Audio Rendering of STEM Content

These are a series of projects that we undertook to render the STEM content in audio with an intention to assist the people with print disabilities, who face a lot of difficulties today to be able to even access such content, while pursuing STEM education is still a distant dream. It is surprising that even with such developments in technology, someone has to really struggle for education.

For example, consider something as simple and basic as math equations. Mathematics, in its visual form, gives the reader a very high level of granularity in perceiving the equation (we get the concept of subscript and superscript by just glancing at an equation). Now, try to picture the situation of a visually impaired student. Yes, we can use an text to speech engine and make it read the equation. The point dies here itself coz as we all know, math in itself is quite complex and speaking an equation just like a normal sentence leaves the student with all the more confusion. In other words, the TTS systems today do not have such granularity as is available when we SEE an equation and it is beyond reason to try to comprehend something in mathematics without having such clarity, even for normal sighted people.

Code

Slides

Accepted Publications

SIGNIFICANCE OF PARALINGUISTIC CUES IN THE RENDERING OF MATHEMATICAL EQUATIONS


SAMPLE WAVEFILES


Technique 1: Original TTS

Technique 2: Pauses and Intonation Variation

Technique 3: Special Sounds

Technique 4: 3D Audio

Technique 5: Special Sounds + Audio Spatialization

Venkatesh Potluri, Sai Krishna, Priyanka Srivastava, Kishore Prahallad

ICON 2014

Text to speech (TTS) systems hold promise as an information access tool for literate and illiterate including visually challenged. Current TTS systems can convert a typical text into a natural sounding speech. However, auditory rendering of mathematical content, specifically equation reading is not a trivial task. Mathematical equations have to be read so that appropriate bracketing such as parentheses, superscripts and subscripts are conveyed to the listener in an accurate way.Earlier works have attempted to use pausesas acoustic cues to indicate some of the semantics associated with the mathematical symbols. In this paper, we first analyse the acoustic cues which human-beings employ while speaking the mathematical content to (visually challenged) listeners and then propose four techniques which render the observed patterns in a text-to speech system. The evaluation considered eight aspects such as listening effort, content familiarity, accentuation, intonation, etc. Our objective metrics show that a combination of the proposed techniques could render the mathematical equations using a TTS system as good as that of a human being.

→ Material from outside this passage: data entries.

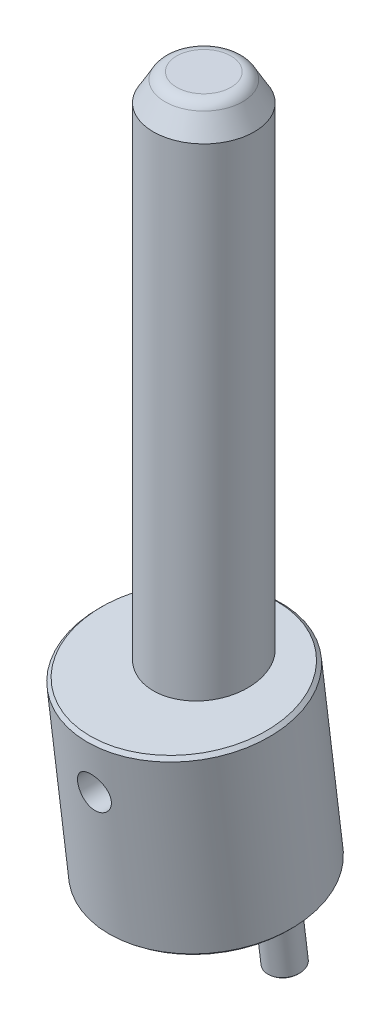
ISO-10303-21;
HEADER;
FILE_DESCRIPTION(('STEP AP214'),'2;1');
FILE_NAME('part.step','',(''),(''),'','','');
FILE_SCHEMA(('AUTOMOTIVE_DESIGN { 1 0 10303 214 1 1 1 1 }'));
ENDSEC;
DATA;
#1=APPLICATION_CONTEXT('core data for automotive mechanical design processes');
#2=APPLICATION_PROTOCOL_DEFINITION('international standard','automotive_design',2000,#1);
#3=PRODUCT_CONTEXT('',#1,'mechanical');
#4=PRODUCT('Part','Part','',(#3));
#5=PRODUCT_RELATED_PRODUCT_CATEGORY('part','',(#4));
#6=PRODUCT_DEFINITION_FORMATION('','',#4);
#7=PRODUCT_DEFINITION_CONTEXT('part definition',#1,'design');
#8=PRODUCT_DEFINITION('design','',#6,#7);
#9=PRODUCT_DEFINITION_SHAPE('','',#8);
#10=(LENGTH_UNIT() NAMED_UNIT(*) SI_UNIT(.MILLI.,.METRE.));
#11=(NAMED_UNIT(*) PLANE_ANGLE_UNIT() SI_UNIT($,.RADIAN.));
#12=(NAMED_UNIT(*) SI_UNIT($,.STERADIAN.) SOLID_ANGLE_UNIT());
#13=UNCERTAINTY_MEASURE_WITH_UNIT(LENGTH_MEASURE(1.E-05),#10,'distance_accuracy_value','');
#14=(GEOMETRIC_REPRESENTATION_CONTEXT(3) GLOBAL_UNCERTAINTY_ASSIGNED_CONTEXT((#13)) GLOBAL_UNIT_ASSIGNED_CONTEXT((#10,
#11,#12)) REPRESENTATION_CONTEXT('',''));
#15=CARTESIAN_POINT('',(0.,0.,0.));
#16=DIRECTION('',(0.,0.,1.));
#17=DIRECTION('',(1.,0.,0.));
#18=AXIS2_PLACEMENT_3D('',#15,#16,#17);
#19=CARTESIAN_POINT('',(0.,-25.2094466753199,-2.57557712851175));
#20=DIRECTION('',(0.,-0.992546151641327,-0.121869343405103));
#21=DIRECTION('',(0.,0.121869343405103,-0.992546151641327));
#22=AXIS2_PLACEMENT_3D('',#19,#20,#21);
#23=PLANE('',#22);
#24=CARTESIAN_POINT('',(-21.5,-25.2094466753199,-2.57557712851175));
#25=DIRECTION('',(0.,-0.992546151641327,-0.121869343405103));
#26=DIRECTION('',(0.,0.121869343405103,-0.992546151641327));
#27=AXIS2_PLACEMENT_3D('',#24,#25,#26);
#28=CIRCLE('',#27,4.50000075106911);
#29=CARTESIAN_POINT('',(-21.5,-24.6610345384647,-7.04203555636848));
#30=VERTEX_POINT('',#29);
#31=EDGE_CURVE('P0_E17',#30,#30,#28,.F.);
#32=ORIENTED_EDGE('',*,*,#31,.F.);
#33=EDGE_LOOP('',(#32));
#34=FACE_BOUND('',#33,.T.);
#35=ADVANCED_FACE('P0_F14',(#34),#23,.T.);
#36=CARTESIAN_POINT('',(0.,-25.2094466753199,-2.57557712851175));
#37=DIRECTION('',(0.,-0.992546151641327,-0.121869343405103));
#38=DIRECTION('',(0.,0.121869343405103,-0.992546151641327));
#39=AXIS2_PLACEMENT_3D('',#36,#37,#38);
#40=PLANE('',#39);
#41=CARTESIAN_POINT('',(21.5,-25.2094466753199,-2.57557712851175));
#42=DIRECTION('',(0.,-0.992546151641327,-0.121869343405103));
#43=DIRECTION('',(0.,0.121869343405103,-0.992546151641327));
#44=AXIS2_PLACEMENT_3D('',#41,#42,#43);
#45=CIRCLE('',#44,4.50000075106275);
#46=CARTESIAN_POINT('',(21.5,-24.6610345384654,-7.04203555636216));
#47=VERTEX_POINT('',#46);
#48=EDGE_CURVE('P0_E121',#47,#47,#45,.F.);
#49=ORIENTED_EDGE('',*,*,#48,.F.);
#50=EDGE_LOOP('',(#49));
#51=FACE_BOUND('',#50,.T.);
#52=ADVANCED_FACE('P0_F111',(#51),#40,.T.);
#53=CARTESIAN_POINT('',(0.,3.12944115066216E-12,-5.7744607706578E-13));
#54=DIRECTION('',(0.,-1.,0.));
#55=DIRECTION('',(0.,0.,-1.));
#56=AXIS2_PLACEMENT_3D('',#53,#54,#55);
#57=PLANE('',#56);
#58=CARTESIAN_POINT('',(0.,2.90045765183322E-12,-2.69847078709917E-12));
#59=DIRECTION('',(0.,-1.,0.));
#60=DIRECTION('',(0.,0.,-1.));
#61=AXIS2_PLACEMENT_3D('',#58,#59,#60);
#62=CIRCLE('',#61,15.);
#63=CARTESIAN_POINT('',(0.,2.90045765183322E-12,-15.0000000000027));
#64=VERTEX_POINT('',#63);
#65=EDGE_CURVE('P0_E36',#64,#64,#62,.F.);
#66=ORIENTED_EDGE('',*,*,#65,.T.);
#67=EDGE_LOOP('',(#66));
#68=FACE_BOUND('',#67,.T.);
#69=ADVANCED_FACE('P0_F108',(#68),#57,.F.);
#70=CARTESIAN_POINT('',(-21.5,-24.7131730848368,-2.51464239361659));
#71=DIRECTION('',(0.,0.992546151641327,0.121869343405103));
#72=DIRECTION('',(0.,-0.121869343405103,0.992546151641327));
#73=AXIS2_PLACEMENT_3D('',#70,#71,#72);
#74=CONICAL_SURFACE('',#73,5.00000135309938,0.785398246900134);
#75=CARTESIAN_POINT('',(-21.5,-24.7131717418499,-2.51464222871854));
#76=DIRECTION('',(0.,-0.992546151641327,-0.121869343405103));
#77=DIRECTION('',(0.,0.121869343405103,-0.992546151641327));
#78=AXIS2_PLACEMENT_3D('',#75,#76,#77);
#79=CIRCLE('',#78,5.);
#80=CARTESIAN_POINT('',(-21.5,-24.1038250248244,-7.47737298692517));
#81=VERTEX_POINT('',#80);
#82=EDGE_CURVE('P0_E33',#81,#81,#79,.F.);
#83=ORIENTED_EDGE('',*,*,#82,.F.);
#84=EDGE_LOOP('',(#83));
#85=FACE_BOUND('',#84,.T.);
#86=ORIENTED_EDGE('',*,*,#31,.T.);
#87=EDGE_LOOP('',(#86));
#88=FACE_BOUND('',#87,.T.);
#89=ADVANCED_FACE('P0_F104',(#85,#88),#74,.T.);
#90=CARTESIAN_POINT('',(21.5,-24.7131730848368,-2.51464239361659));
#91=DIRECTION('',(0.,0.992546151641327,0.121869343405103));
#92=DIRECTION('',(0.,-0.121869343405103,0.992546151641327));
#93=AXIS2_PLACEMENT_3D('',#90,#91,#92);
#94=CONICAL_SURFACE('',#93,5.00000135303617,0.785398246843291);
#95=CARTESIAN_POINT('',(21.5,-24.7131717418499,-2.51464222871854));
#96=DIRECTION('',(0.,-0.992546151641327,-0.121869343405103));
#97=DIRECTION('',(0.,0.121869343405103,-0.992546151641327));
#98=AXIS2_PLACEMENT_3D('',#95,#96,#97);
#99=CIRCLE('',#98,5.);
#100=CARTESIAN_POINT('',(21.5,-24.1038250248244,-7.47737298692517));
#101=VERTEX_POINT('',#100);
#102=EDGE_CURVE('P0_E29',#101,#101,#99,.F.);
#103=ORIENTED_EDGE('',*,*,#102,.F.);
#104=EDGE_LOOP('',(#103));
#105=FACE_BOUND('',#104,.T.);
#106=ORIENTED_EDGE('',*,*,#48,.T.);
#107=EDGE_LOOP('',(#106));
#108=FACE_BOUND('',#107,.T.);
#109=ADVANCED_FACE('P0_F99',(#105,#108),#94,.T.);
#110=CARTESIAN_POINT('',(0.,59.7458556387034,-2.69868762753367E-12));
#111=DIRECTION('',(0.,-1.,0.));
#112=DIRECTION('',(0.,0.,-1.));
#113=AXIS2_PLACEMENT_3D('',#110,#111,#112);
#114=CYLINDRICAL_SURFACE('',#113,15.);
#115=CARTESIAN_POINT('',(0.,45.0000000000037,-2.69955498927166E-12));
#116=DIRECTION('',(0.,0.992546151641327,0.121869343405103));
#117=DIRECTION('',(0.,-0.121869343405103,0.992546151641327));
#118=AXIS2_PLACEMENT_3D('',#115,#116,#117);
#119=ELLIPSE('',#118,15.1126473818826,15.);
#120=CARTESIAN_POINT('',(0.,43.1582315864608,14.9999999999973));
#121=VERTEX_POINT('',#120);
#122=EDGE_CURVE('P0_E32',#121,#121,#119,.F.);
#123=ORIENTED_EDGE('',*,*,#122,.F.);
#124=EDGE_LOOP('',(#123));
#125=FACE_BOUND('',#124,.T.);
#126=ORIENTED_EDGE('',*,*,#65,.F.);
#127=EDGE_LOOP('',(#126));
#128=FACE_BOUND('',#127,.T.);
#129=CARTESIAN_POINT('',(0.,31.0000000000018,14.9999999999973));
#130=CARTESIAN_POINT('',(-0.13627460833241,30.9999999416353,14.9999999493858));
#131=CARTESIAN_POINT('',(-0.27255067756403,30.9944241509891,14.9981386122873));
#132=CARTESIAN_POINT('',(-0.544142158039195,30.9721706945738,14.9907428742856));
#133=CARTESIAN_POINT('',(-0.679457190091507,30.9554888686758,14.9852070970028));
#134=CARTESIAN_POINT('',(-0.948257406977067,30.9111491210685,14.9706027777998));
#135=CARTESIAN_POINT('',(-1.08174007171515,30.8834773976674,14.9615297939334));
#136=CARTESIAN_POINT('',(-1.34580155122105,30.8174009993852,14.94009293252));
#137=CARTESIAN_POINT('',(-1.47637921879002,30.7789921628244,14.9277277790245));
#138=CARTESIAN_POINT('',(-1.7333461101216,30.6918928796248,14.9000723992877));
#139=CARTESIAN_POINT('',(-1.85974572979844,30.6432305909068,14.8847901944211));
#140=CARTESIAN_POINT('',(-2.10792399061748,30.5359631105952,14.8516789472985));
#141=CARTESIAN_POINT('',(-2.22970089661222,30.4773542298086,14.8338489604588));
#142=CARTESIAN_POINT('',(-2.58680471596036,30.2873070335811,14.7772227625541));
#143=CARTESIAN_POINT('',(-2.81420620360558,30.1415453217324,14.7352562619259));
#144=CARTESIAN_POINT('',(-3.24874257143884,29.8108587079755,14.6457020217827));
#145=CARTESIAN_POINT('',(-3.45501840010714,29.6248491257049,14.5979792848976));
#146=CARTESIAN_POINT('',(-3.8341436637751,29.2211801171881,14.5030192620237));
#147=CARTESIAN_POINT('',(-4.0069839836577,29.0035120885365,14.4557821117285));
#148=CARTESIAN_POINT('',(-4.31912807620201,28.5350726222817,14.3656662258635));
#149=CARTESIAN_POINT('',(-4.45732572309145,28.2835298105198,14.3229516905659));
#150=CARTESIAN_POINT('',(-4.68909399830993,27.7591186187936,14.248765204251));
#151=CARTESIAN_POINT('',(-4.78267844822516,27.4862568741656,14.2172897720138));
#152=CARTESIAN_POINT('',(-4.91936749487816,26.9366338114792,14.1705651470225));
#153=CARTESIAN_POINT('',(-4.96406724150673,26.6603139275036,14.1548047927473));
#154=CARTESIAN_POINT('',(-5.00670561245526,26.1036813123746,14.1397828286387));
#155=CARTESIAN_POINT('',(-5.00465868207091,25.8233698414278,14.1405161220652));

SYNTHESIS OF STATISTICAL CONTENT USING AUDIO CUES


Venkatesh Potluri, Sai Krishna, Priyanka Srivastava, Kishore Prahallad

30th Annual International Technology and Persons with Disabilities Conference 2015

Current TTS systems can convert a typical text into a natural sounding speech. However, rendering Mathematical content ( Equations, Bar Graphs and Pie Charts ) in audio is not a trivial task and it can not effectively be achieved with currently available mainstream TTS technology found in most screen readers. The ambiguity in most cases is caused if the listener is unable to identify the beginning and end of one of the mentioned demarkations. Earlier works have attempted to use pauses as acoustic cues to indicate some of these.In addition to equations, the current day TTS systems have very little or no capability to render bar graphs and pie charts in audio. In this work, we perform an experiment to measure the effectiveness of mathematical equations synthesised using a traditional TTS system. We analyse the acoustic cues which human-beings employ while speaking the mathematical content to (visually challenged) listeners and propose four techniques which render the observed patterns in a text-to- speech system.